Again, in Welsh v. Wisconsin, — U.S. -, 104 S.Ct. 2091, 80 L.Ed.2d 732, 742 (1984), the Court observed:
It is axiomatic that “the physical entry of the home is the chief evil against which the wording of the Fourth Amendment is directed.” United States v. United States District Court, 407 U.S. 297, 313, 32 L.Ed.2d 752, 92 S.Ct. 2125 (1972). And a principal protection against unnecessary intrusions into private dwellings is the warrant requirement imposed by the Fourth Amendment on agents of the government who seek to enter the home for purposes of search or arrest.... It is not surprising, therefore, that the Court has recognized, as “a ‘basic principle of Fourth Amendment law [,]’ that searches and seizures inside a home without warrant are presumptively unreasonable.”
(citations omitted.)
In that the courts have traditionally imposed less compelling requirements for searches of vehicles as opposed to the searches of structures, the Torres case in my judgment offers no support for the warrantless entry into the structure, which at the time of the entry was used by Rodriguez as a residence.

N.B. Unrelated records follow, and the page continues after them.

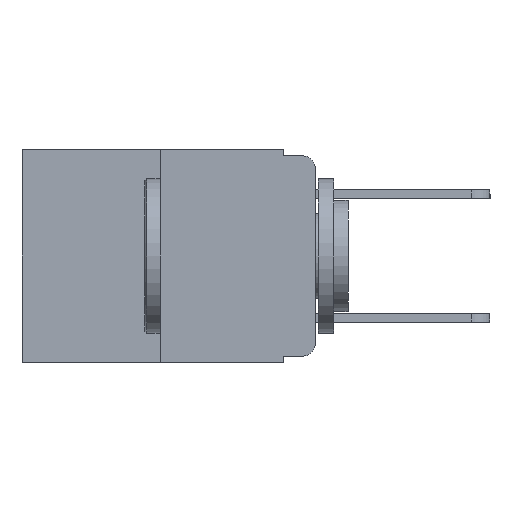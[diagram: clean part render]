
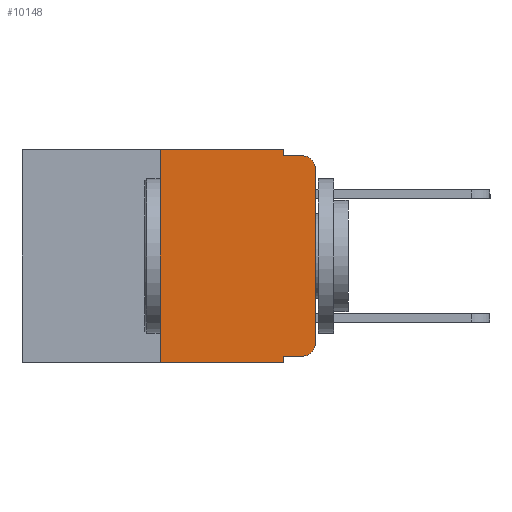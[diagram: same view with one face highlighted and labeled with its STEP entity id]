
A CAD part, left-side view. The second image highlights one B-rep face of the part: STEP entity #10148.
In plain terms, the highlighted planar face has unit normal (-1, 0, 0).
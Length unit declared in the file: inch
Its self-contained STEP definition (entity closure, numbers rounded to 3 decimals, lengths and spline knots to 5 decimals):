
#58 = CARTESIAN_POINT ( 'NONE',  ( 0., 0.051, 0. ) ) ;
#429 = CARTESIAN_POINT ( 'NONE',  ( 0., 0.25, 0. ) ) ;
#553 = ORIENTED_EDGE ( 'NONE', *, *, #3023, .F. ) ;
#1219 = VECTOR ( 'NONE', #15393, 39.37008 ) ;
#1244 = DIRECTION ( 'NONE',  ( 0., 0., -1. ) ) ;
#1325 = ORIENTED_EDGE ( 'NONE', *, *, #13971, .T. ) ;
#1425 = DIRECTION ( 'NONE',  ( 0., 0., -1. ) ) ;
#1722 = CARTESIAN_POINT ( 'NONE',  ( 0., 0.051, 0. ) ) ;
#1780 = ORIENTED_EDGE ( 'NONE', *, *, #15081, .F. ) ;
#1783 = EDGE_CURVE ( 'NONE', #8550, #2617, #2870, .T. ) ;
#1903 = ORIENTED_EDGE ( 'NONE', *, *, #12763, .F. ) ;
#1925 = LINE ( 'NONE', #15343, #5296 ) ;
#2229 = EDGE_CURVE ( 'NONE', #9721, #2617, #11534, .T. ) ;
#2328 = EDGE_CURVE ( 'NONE', #4442, #5038, #5741, .T. ) ;
#2378 = VECTOR ( 'NONE', #15185, 39.37008 ) ;
#2617 = VERTEX_POINT ( 'NONE', #16528 ) ;
#2870 = LINE ( 'NONE', #4837, #6137 ) ;
#3023 = EDGE_CURVE ( 'NONE', #6882, #8751, #1925, .T. ) ;
#3251 = CARTESIAN_POINT ( 'NONE',  ( 0., 0., -0.313 ) ) ;
#3424 = ORIENTED_EDGE ( 'NONE', *, *, #2328, .T. ) ;
#3445 = ORIENTED_EDGE ( 'NONE', *, *, #1783, .F. ) ;
#3473 = EDGE_CURVE ( 'NONE', #14413, #9721, #16171, .T. ) ;
#3480 = VERTEX_POINT ( 'NONE', #7168 ) ;
#3531 = AXIS2_PLACEMENT_3D ( 'NONE', #11830, #3812, #13100 ) ;
#3812 = DIRECTION ( 'NONE',  ( -1., 0., 0. ) ) ;
#4129 = DIRECTION ( 'NONE',  ( 1., 0., 0. ) ) ;
#4278 = CARTESIAN_POINT ( 'NONE',  ( 0., 0.051, -0.333 ) ) ;
#4442 = VERTEX_POINT ( 'NONE', #4278 ) ;
#4837 = CARTESIAN_POINT ( 'NONE',  ( 0., 0.051, -0.01 ) ) ;
#5020 = LINE ( 'NONE', #1722, #8188 ) ;
#5038 = VERTEX_POINT ( 'NONE', #12360 ) ;
#5296 = VECTOR ( 'NONE', #15637, 39.37008 ) ;
#5501 = CARTESIAN_POINT ( 'NONE',  ( 0., 0.25, -0.343 ) ) ;
#5741 = LINE ( 'NONE', #12894, #12341 ) ;
#5880 = VECTOR ( 'NONE', #10892, 39.37008 ) ;
#6055 = CARTESIAN_POINT ( 'NONE',  ( 0., 0., -0.03 ) ) ;
#6137 = VECTOR ( 'NONE', #15822, 39.37008 ) ;
#6321 = CARTESIAN_POINT ( 'NONE',  ( 0., 0.473, -0.343 ) ) ;
#6519 = LINE ( 'NONE', #13933, #2378 ) ;
#6882 = VERTEX_POINT ( 'NONE', #429 ) ;
#6976 = CARTESIAN_POINT ( 'NONE',  ( 0., 0.051, -0.01 ) ) ;
#7168 = CARTESIAN_POINT ( 'NONE',  ( 0., 0.051, -0.343 ) ) ;
#7865 = LINE ( 'NONE', #6321, #1219 ) ;
#8188 = VECTOR ( 'NONE', #9963, 39.37008 ) ;
#8452 = ORIENTED_EDGE ( 'NONE', *, *, #2229, .T. ) ;
#8493 = VERTEX_POINT ( 'NONE', #5501 ) ;
#8550 = VERTEX_POINT ( 'NONE', #6976 ) ;
#8751 = VERTEX_POINT ( 'NONE', #58 ) ;
#9452 = DIRECTION ( 'NONE',  ( 0., -1., 0. ) ) ;
#9509 = PLANE ( 'NONE',  #16377 ) ;
#9721 = VERTEX_POINT ( 'NONE', #6055 ) ;
#9963 = DIRECTION ( 'NONE',  ( 0., 0., -1. ) ) ;
#9976 = ORIENTED_EDGE ( 'NONE', *, *, #10853, .T. ) ;
#10148 = ADVANCED_FACE ( 'NONE', ( #14642 ), #9509, .F. ) ;
#10282 = ORIENTED_EDGE ( 'NONE', *, *, #3473, .T. ) ;
#10360 = ORIENTED_EDGE ( 'NONE', *, *, #11889, .F. ) ;
#10811 = CARTESIAN_POINT ( 'NONE',  ( 0., 0.473, 0. ) ) ;
#10853 = EDGE_CURVE ( 'NONE', #5038, #14413, #10869, .T. ) ;
#10869 = CIRCLE ( 'NONE', #3531, 0.02 ) ;
#10892 = DIRECTION ( 'NONE',  ( 0., 0., 1. ) ) ;
#10995 = VECTOR ( 'NONE', #1244, 39.37008 ) ;
#11534 = CIRCLE ( 'NONE', #15993, 0.02 ) ;
#11584 = CARTESIAN_POINT ( 'NONE',  ( 0., 0., 0. ) ) ;
#11830 = CARTESIAN_POINT ( 'NONE',  ( 0., 0.02, -0.313 ) ) ;
#11889 = EDGE_CURVE ( 'NONE', #8751, #8550, #5020, .T. ) ;
#12219 = LINE ( 'NONE', #14644, #10995 ) ;
#12341 = VECTOR ( 'NONE', #9452, 39.37008 ) ;
#12360 = CARTESIAN_POINT ( 'NONE',  ( 0., 0.02, -0.333 ) ) ;
#12763 = EDGE_CURVE ( 'NONE', #4442, #3480, #12219, .T. ) ;
#12894 = CARTESIAN_POINT ( 'NONE',  ( 0., 0.051, -0.333 ) ) ;
#13100 = DIRECTION ( 'NONE',  ( 0., 0., -1. ) ) ;
#13389 = DIRECTION ( 'NONE',  ( 0., 0., -1. ) ) ;
#13933 = CARTESIAN_POINT ( 'NONE',  ( 0., 0.25, 0. ) ) ;
#13971 = EDGE_CURVE ( 'NONE', #8493, #3480, #7865, .T. ) ;
#14413 = VERTEX_POINT ( 'NONE', #3251 ) ;
#14642 = FACE_OUTER_BOUND ( 'NONE', #16356, .T. ) ;
#14644 = CARTESIAN_POINT ( 'NONE',  ( 0., 0.051, 0. ) ) ;
#15081 = EDGE_CURVE ( 'NONE', #8493, #6882, #6519, .T. ) ;
#15185 = DIRECTION ( 'NONE',  ( 0., 0., 1. ) ) ;
#15343 = CARTESIAN_POINT ( 'NONE',  ( 0., 0.473, 0. ) ) ;
#15393 = DIRECTION ( 'NONE',  ( 0., -1., 0. ) ) ;
#15637 = DIRECTION ( 'NONE',  ( 0., -1., 0. ) ) ;
#15676 = DIRECTION ( 'NONE',  ( -1., 0., 0. ) ) ;
#15822 = DIRECTION ( 'NONE',  ( 0., -1., 0. ) ) ;
#15993 = AXIS2_PLACEMENT_3D ( 'NONE', #16531, #15676, #1425 ) ;
#16171 = LINE ( 'NONE', #11584, #5880 ) ;
#16356 = EDGE_LOOP ( 'NONE', ( #10282, #8452, #3445, #10360, #553, #1780, #1325, #1903, #3424, #9976 ) ) ;
#16377 = AXIS2_PLACEMENT_3D ( 'NONE', #10811, #4129, #13389 ) ;
#16528 = CARTESIAN_POINT ( 'NONE',  ( 0., 0.02, -0.01 ) ) ;
#16531 = CARTESIAN_POINT ( 'NONE',  ( 0., 0.02, -0.03 ) ) ;

At any event, I would observe that the facts in Torres are clearly distinguishable from those in the present case. It is true that in Torres the defendant who was arrested inside the truck had the same purpose in mind as the defendant in the case at bar: to guard marijuana; however, I would also observe that the temporary occupant of the truck had no keys to it, did not know who was in possession of the keys, and had not driven the truck. Thus there was no showing that the defendant had come about his possession of the vehicle legitimately. Given these additional facts before it, the Torres court correctly concluded that the occupant of the truck had no legitimate expectation of privacy in the invaded place which society would recognize as reasonable. On the other hand, the appellant in the case on review, as previously stated, had occupied the barn for three days before the warrantless entry under a lease agreement with the owner, and in fact, with the knowledge of the owner, had used the barn as a temporary residence. I therefore fail to see how Torres can serve as authority to deny standing to one who obtained his possession of the premises with the consent of the owner.
In that the state failed to demonstrate the existence of any exigent circumstances which would have permitted the seizure of the contraband without a warrant, I remain of the view that the judgment of conviction should be reversed with directions that appellant be discharged from custody.